ONE DECADE LATER
A New Introduction to ZIP Beep (1984-1989)
by Chuck Strinz

When I bought that first 300 baud modem in 1982, life changed.

I was a freelance copywriter. My overhead was low, save for mileage driving to and from several Twin Cities ad agencies, plus the $2400 I spent on an Osborne "portable" computer (26 lbs.) and a NEC dot matrix printer. I carried my office with me, a smug hired gun, ready to bring order out of chaos when given a pile of information and a door I could close.

The Hayes 300 came on a winter day when the thermometer dropped below minus 30 degrees. My home was warm. Most of my clients had Apple IIs or those first generation IBMs with 64K on the motherboard. Nobody believed I could send ad copy to their corporate computer from mine if only they would buy a modem. And faxes were little more than a wiggling gleam in QUME's eye.

Through a complicated set of circumstances not worth detailing here, one year later I found myself establishing an online home mortgage database for real estate professionals. This grew into an email system I used with my ad agency clients. Several new online business ventures ensued. One gave me the opportunity to produce a syndicated online humor magazine -- the first, I believe, in the world.

I was always partial to pioneering things. I realized in college that I would not write the Great American Novel. It had been written. Several times. So, after earning my BA in English (UICC, 1976), I began working for an ad agency in Chicago while pursuing graduate studys in filmmaking at the School of the Art Institute of Chicago.

In 1978, I entered into my filmmaking training. This was about four hours before the video revolution hit.

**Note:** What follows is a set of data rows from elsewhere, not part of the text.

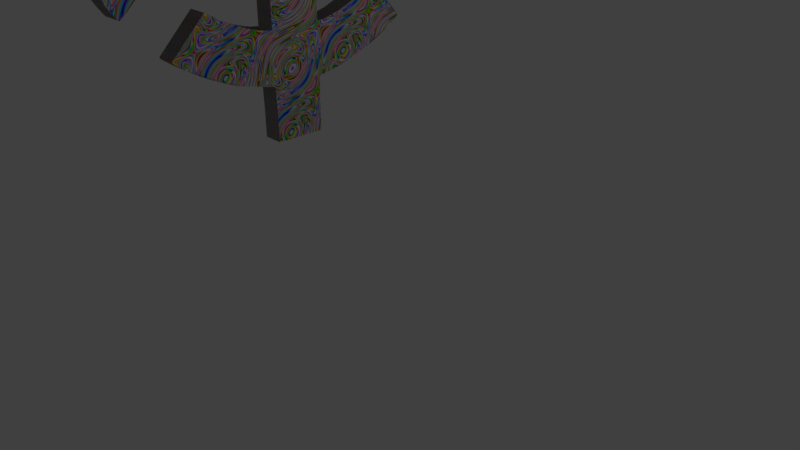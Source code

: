 # Source: symbol3D.blend  (saved by Blender 2.79.0; exported with 4.5.12 LTS)
import bpy
from mathutils import Matrix  # noqa: F401  (used for matrix-valued properties, if any)

bpy.ops.wm.read_factory_settings(use_empty=True)
scene = bpy.context.scene
scene.name = 'Scene'

# ---- collections
col_collection_1 = bpy.data.collections.new('Collection 1'); scene.collection.children.link(col_collection_1)

# ---- materials (node trees are filled in below, after node groups)
mat_svgmat_007 = bpy.data.materials.new('SVGMat.007')
mat_svgmat_007.alpha_threshold = 0.0
mat_svgmat_007.diffuse_color = (1.0, 1.0, 1.0, 1.0)
mat_svgmat_007.roughness = 0.5

# ---- material node trees
mat_svgmat_007.use_nodes = True; mat_svgmat_007.node_tree.nodes.clear()
_N = mat_svgmat_007.node_tree.nodes; _L = mat_svgmat_007.node_tree.links
n0 = _N.new('ShaderNodeOutputMaterial'); n0.name = 'Material Output'; n0.location = (652, 280)
n1 = _N.new('ShaderNodeBsdfToon'); n1.name = 'Toon BSDF'; n1.location = (239, 436)
n1.inputs[2].default_value = 0.1
n2 = _N.new('ShaderNodeTexMagic'); n2.name = 'Magic Texture'; n2.location = (-2, 461)
n2.turbulence_depth = 5
n2.inputs[2].default_value = 3.3
n3 = _N.new('ShaderNodeEmission'); n3.name = 'Emission'; n3.location = (30, 175)
n3.inputs[0].default_value = (0.02921, 0.6272, 0.8, 1.0)
n4 = _N.new('ShaderNodeMixShader'); n4.name = 'Mix Shader'; n4.location = (427, 320)
n4.inputs[0].default_value = 0.4455
_L.new(n4.outputs[0], n0.inputs[0])
_L.new(n1.outputs[0], n4.inputs[1])
_L.new(n2.outputs[0], n1.inputs[0])
n0.is_active_output = True

# ---- world
world_world = bpy.data.worlds.new('World'); scene.world = world_world
world_world.color = (0.05088, 0.05088, 0.05088)
world_world.use_sun_shadow = False
world_world.sun_shadow_jitter_overblur = 0.0
world_world.cycles.sampling_method = 'MANUAL'

# ---- cameras
cam_camera = bpy.data.cameras.new('Camera')
cam_camera.clip_end = 100.0
cam_camera.lens = 35.0
cam_camera.sensor_width = 32.0
cam_camera.sensor_height = 18.0
cam_camera.ortho_scale = 7.314
cam_camera.dof.focus_distance = 0.0

# ---- lights
light_lamp = bpy.data.lights.new('Lamp', 'POINT')
light_lamp.transmission_factor = 0.0
light_lamp.cutoff_distance = 30.0
light_lamp.energy = 100.0
light_lamp.shadow_buffer_clip_start = 1.001
light_lamp.shadow_soft_size = 0.1
light_lamp.shadow_maximum_resolution = 0.006
light_lamp.use_absolute_resolution = True

# ---- meshes
me_cupath2997 = bpy.data.meshes.new('CUpath2997')
me_cupath2997.from_pydata([(-0.005938, -0.06125, 0.002373), (-0.006106, -0.04926, 0.002373), (-0.006136, -0.04908, 0.002373), (-0.006167, -0.04901, 0.002373), (-0.006225, -0.04898, 0.002373), (-0.01355, -0.04725, 0.002373), (-0.01946, -0.04508, 0.002373), (-0.02644, -0.04134, 0.002373), (-0.02861, -0.03981, 0.002373), (-0.02887, -0.03955, 0.002373), (-0.02899, -0.03937, 0.002373), (-0.02897, -0.03929, 0.002373), (-0.02888, -0.03915, 0.002373), (-0.02122, -0.03128, 0.002373), (-0.01669, -0.03383, 0.002373), (-0.01198, -0.03584, 0.002373), (-0.008028, -0.03696, 0.002373), (-0.006079, -0.03712, 0.002373), (-0.006083, -0.008694, 0.002373), (-0.006181, -0.007747, 0.002373), (-0.006246, -0.007506, 0.002373), (-0.00632, -0.007387, 0.002373), (-0.006472, -0.007333, 0.002373), (-0.007292, -0.007243, 0.002373), (-0.036, -0.007212, 0.002373), (-0.03583, -0.009161, 0.002373), (-0.03471, -0.01311, 0.002373), (-0.0327, -0.01782, 0.002373), (-0.03015, -0.02235, 0.002373), (-0.03803, -0.03001, 0.002373), (-0.03817, -0.0301, 0.002373), (-0.03824, -0.03012, 0.002373), (-0.03843, -0.03, 0.002373), (-0.03869, -0.02973, 0.002373), (-0.04023, -0.02754, 0.002373), (-0.044, -0.02042, 0.002373), (-0.04616, -0.01457, 0.002373), (-0.04786, -0.007358, 0.002373), (-0.04788, -0.0073, 0.002373), (-0.04796, -0.007269, 0.002373), (-0.04841, -0.007211, 0.002373), (-0.05407, -0.007071, 0.002373), (-0.05416, -0.007071, 0.002373), (-0.05438, -0.007071, 0.002373), (-0.05474, -0.007071, 0.002373), (-0.0552, -0.007071, 0.002373), (-0.05574, -0.007071, 0.002373), (-0.05634, -0.007071, 0.002373), (-0.05699, -0.007071, 0.002373), (-0.05766, -0.007071, 0.002373), (-0.05833, -0.007071, 0.002373), (-0.05898, -0.007071, 0.002373), (-0.05958, -0.007071, 0.002373), (-0.06013, -0.007071, 0.002373), (-0.06013, 0.004216, 0.002373), (-0.04814, 0.004384, 0.002373), (-0.04796, 0.004414, 0.002373), (-0.04788, 0.004445, 0.002373), (-0.04786, 0.004503, 0.002373), (-0.04616, 0.01172, 0.002373), (-0.044, 0.01757, 0.002373), (-0.04023, 0.02468, 0.002373), (-0.03869, 0.02688, 0.002373), (-0.03843, 0.02714, 0.002373), (-0.03824, 0.02727, 0.002373), (-0.03817, 0.02724, 0.002373), (-0.03803, 0.02715, 0.002373), (-0.03015, 0.01949, 0.002373), (-0.0327, 0.01496, 0.002373), (-0.03471, 0.01026, 0.002373), (-0.03583, 0.006305, 0.002373), (-0.036, 0.004357, 0.002373), (-0.007561, 0.00436, 0.002373), (-0.006614, 0.004459, 0.002373), (-0.006373, 0.004523, 0.002373), (-0.006254, 0.004598, 0.002373), (-0.006199, 0.004749, 0.002373), (-0.00611, 0.005569, 0.002373), (-0.006079, 0.03427, 0.002373), (-0.008028, 0.0341, 0.002373), (-0.01198, 0.03298, 0.002373), (-0.01669, 0.03097, 0.002373), (-0.02122, 0.02843, 0.002373), (-0.02888, 0.0363, 0.002373), (-0.02897, 0.03644, 0.002373), (-0.02899, 0.03651, 0.002373), (-0.02887, 0.0367, 0.002373), (-0.0286, 0.03696, 0.002373), (-0.02641, 0.0385, 0.002373), (-0.01929, 0.04227, 0.002373), (-0.01344, 0.04443, 0.002373), (-0.006225, 0.04613, 0.002373), (-0.006167, 0.04615, 0.002373), (-0.006136, 0.04622, 0.002373), (-0.006106, 0.0464, 0.002373), (-0.005938, 0.05839, 0.002373), (0.005351, 0.05839, 0.002373), (0.005519, 0.0464, 0.002373), (0.005549, 0.04622, 0.002373), (0.00558, 0.04615, 0.002373), (0.005638, 0.04613, 0.002373), (0.01286, 0.04443, 0.002373), (0.01871, 0.04227, 0.002373), (0.02582, 0.0385, 0.002373), (0.02802, 0.03696, 0.002373), (0.02828, 0.0367, 0.002373), (0.02841, 0.03651, 0.002373), (0.02838, 0.03644, 0.002373), (0.02829, 0.0363, 0.002373), (0.02063, 0.02843, 0.002373), (0.0161, 0.03097, 0.002373), (0.01139, 0.03298, 0.002373), (0.007441, 0.0341, 0.002373), (0.005492, 0.03427, 0.002373), (0.005496, 0.005838, 0.002373), (0.005594, 0.004891, 0.002373), (0.005659, 0.004651, 0.002373), (0.005733, 0.004532, 0.002373), (0.005885, 0.004477, 0.002373), (0.006705, 0.004387, 0.002373), (0.03541, 0.004357, 0.002373), (0.03524, 0.006305, 0.002373), (0.03412, 0.01026, 0.002373), (0.03212, 0.01496, 0.002373), (0.02957, 0.01949, 0.002373), (0.03744, 0.02715, 0.002373), (0.03758, 0.02724, 0.002373), (0.03766, 0.02727, 0.002373), (0.03785, 0.02714, 0.002373), (0.0381, 0.02688, 0.002373), (0.03964, 0.02468, 0.002373), (0.04342, 0.01757, 0.002373), (0.04557, 0.01172, 0.002373), (0.04727, 0.004503, 0.002373), (0.04729, 0.004445, 0.002373), (0.04737, 0.004414, 0.002373), (0.04755, 0.004384, 0.002373), (0.05954, 0.004216, 0.002373), (0.05954, -0.007071, 0.002373), (0.05349, -0.007071, 0.002373), (0.04783, -0.007211, 0.002373), (0.04737, -0.007269, 0.002373), (0.04729, -0.0073, 0.002373), (0.04727, -0.007358, 0.002373), (0.04554, -0.01468, 0.002373), (0.04337, -0.02059, 0.002373), (0.03962, -0.02757, 0.002373), (0.0381, -0.02974, 0.002373), (0.03784, -0.03, 0.002373), (0.03766, -0.03012, 0.002373), (0.03758, -0.0301, 0.002373), (0.03744, -0.03001, 0.002373), (0.02957, -0.02235, 0.002373), (0.03212, -0.01782, 0.002373), (0.03412, -0.01311, 0.002373), (0.03524, -0.009161, 0.002373), (0.03541, -0.007212, 0.002373), (0.006974, -0.007216, 0.002373), (0.006027, -0.007315, 0.002373), (0.005786, -0.007379, 0.002373), (0.005667, -0.007453, 0.002373), (0.005612, -0.007605, 0.002373), (0.005523, -0.008425, 0.002373), (0.005492, -0.03712, 0.002373), (0.007441, -0.03696, 0.002373), (0.01139, -0.03584, 0.002373), (0.0161, -0.03383, 0.002373), (0.02063, -0.03128, 0.002373), (0.02829, -0.03915, 0.002373), (0.02838, -0.03929, 0.002373), (0.02841, -0.03937, 0.002373), (0.02828, -0.03956, 0.002373), (0.02802, -0.03982, 0.002373), (0.02582, -0.04136, 0.002373), (0.01871, -0.04513, 0.002373), (0.01286, -0.04728, 0.002373), (0.005638, -0.04898, 0.002373), (0.00558, -0.04901, 0.002373), (0.005549, -0.04908, 0.002373), (0.005519, -0.04926, 0.002373), (0.005351, -0.06125, 0.002373), (-0.005938, -0.06125, -0.002373), (-0.006106, -0.04926, -0.002373), (-0.006136, -0.04908, -0.002373), (-0.006167, -0.04901, -0.002373), (-0.006225, -0.04898, -0.002373), (-0.01355, -0.04725, -0.002373), (-0.01946, -0.04508, -0.002373), (-0.02644, -0.04134, -0.002373), (-0.02861, -0.03981, -0.002373), (-0.02887, -0.03955, -0.002373), (-0.02899, -0.03937, -0.002373), (-0.02897, -0.03929, -0.002373), (-0.02888, -0.03915, -0.002373), (-0.02122, -0.03128, -0.002373), (-0.01669, -0.03383, -0.002373), (-0.01198, -0.03584, -0.002373), (-0.008028, -0.03696, -0.002373), (-0.006079, -0.03712, -0.002373), (-0.006083, -0.008694, -0.002373), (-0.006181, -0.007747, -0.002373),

So much for timing.

But in 1983, online communications (or videotex, or modeming, or BBSing, or any of a number of quixotic terms we used to describe the something-or-other we were doing), was a fresh pallet.

ZIP Beep was a natural outgrowth -- more of a marriage, really -- of my desire to explore this new medium and my existentially profound experience of having created an "underground newspaper" while a high school senior in a small conservative Nebraska town (c. 1970).

I could wax on. But I'll spare you. The relevant facts are these:

ZIP Beep started in 1984. Its final issue was compiled in 1989.

For much of its life, it was syndicated to 150+ Bulletin Board Systems in the United States, Canada, Europe and Australia, via the BBS Press Service, transcendental brainchild of Alan Bechtold (who has neater stuff cookin' these days).

There was some "high tech" humor in ZIP Beep, but I tried to limit it, just as I tried to appeal to a widespread audience while retaining a Minnesota flavor.

Much of the humor was topical. You'll see a lot of Reagan jokes. (I hope to provide backgrounders in hypertext at some time in the future. But, well, you know how these things go.) Dated material can be interesting precisely because it is dated, as with the Leno interview when he was a frequent Letterman guest, and the Seinfeld interview before he met Kramer. And what humor publication could be without a Top Ten List ripoff? In ZIP Beep's case, though, it actually pre-dates Letterman's.

(BTW, all of the addresses and phone numbers have long since passed into other hands or oblivion, as you may well imagine. They, and various other references in ZIP Beep articles, are included here for the dual sakes of historical accuracy and anal compulsion.)

Some articles are good, a few are great, some stink. Some may be offensive in today's politically correct culture. Like Eco-Bum. Others bothered people back then, which was part of ZIP Beep's reason for being. I was heartened, occasionally, when certain people rose above it all to compliment me despite (and sometimes because) they belonged to a group that was at the heart of a joke. One night, after I spoke to a computer user group, an assistant to John Cardinal Roach told me he had fielded a complaint from someone who missed the satire in U.S. GOVERNMENT BOUNTY HUNTERS WANTED (ZIP Beep #14), and expressed wonderment at the guy's ignorance.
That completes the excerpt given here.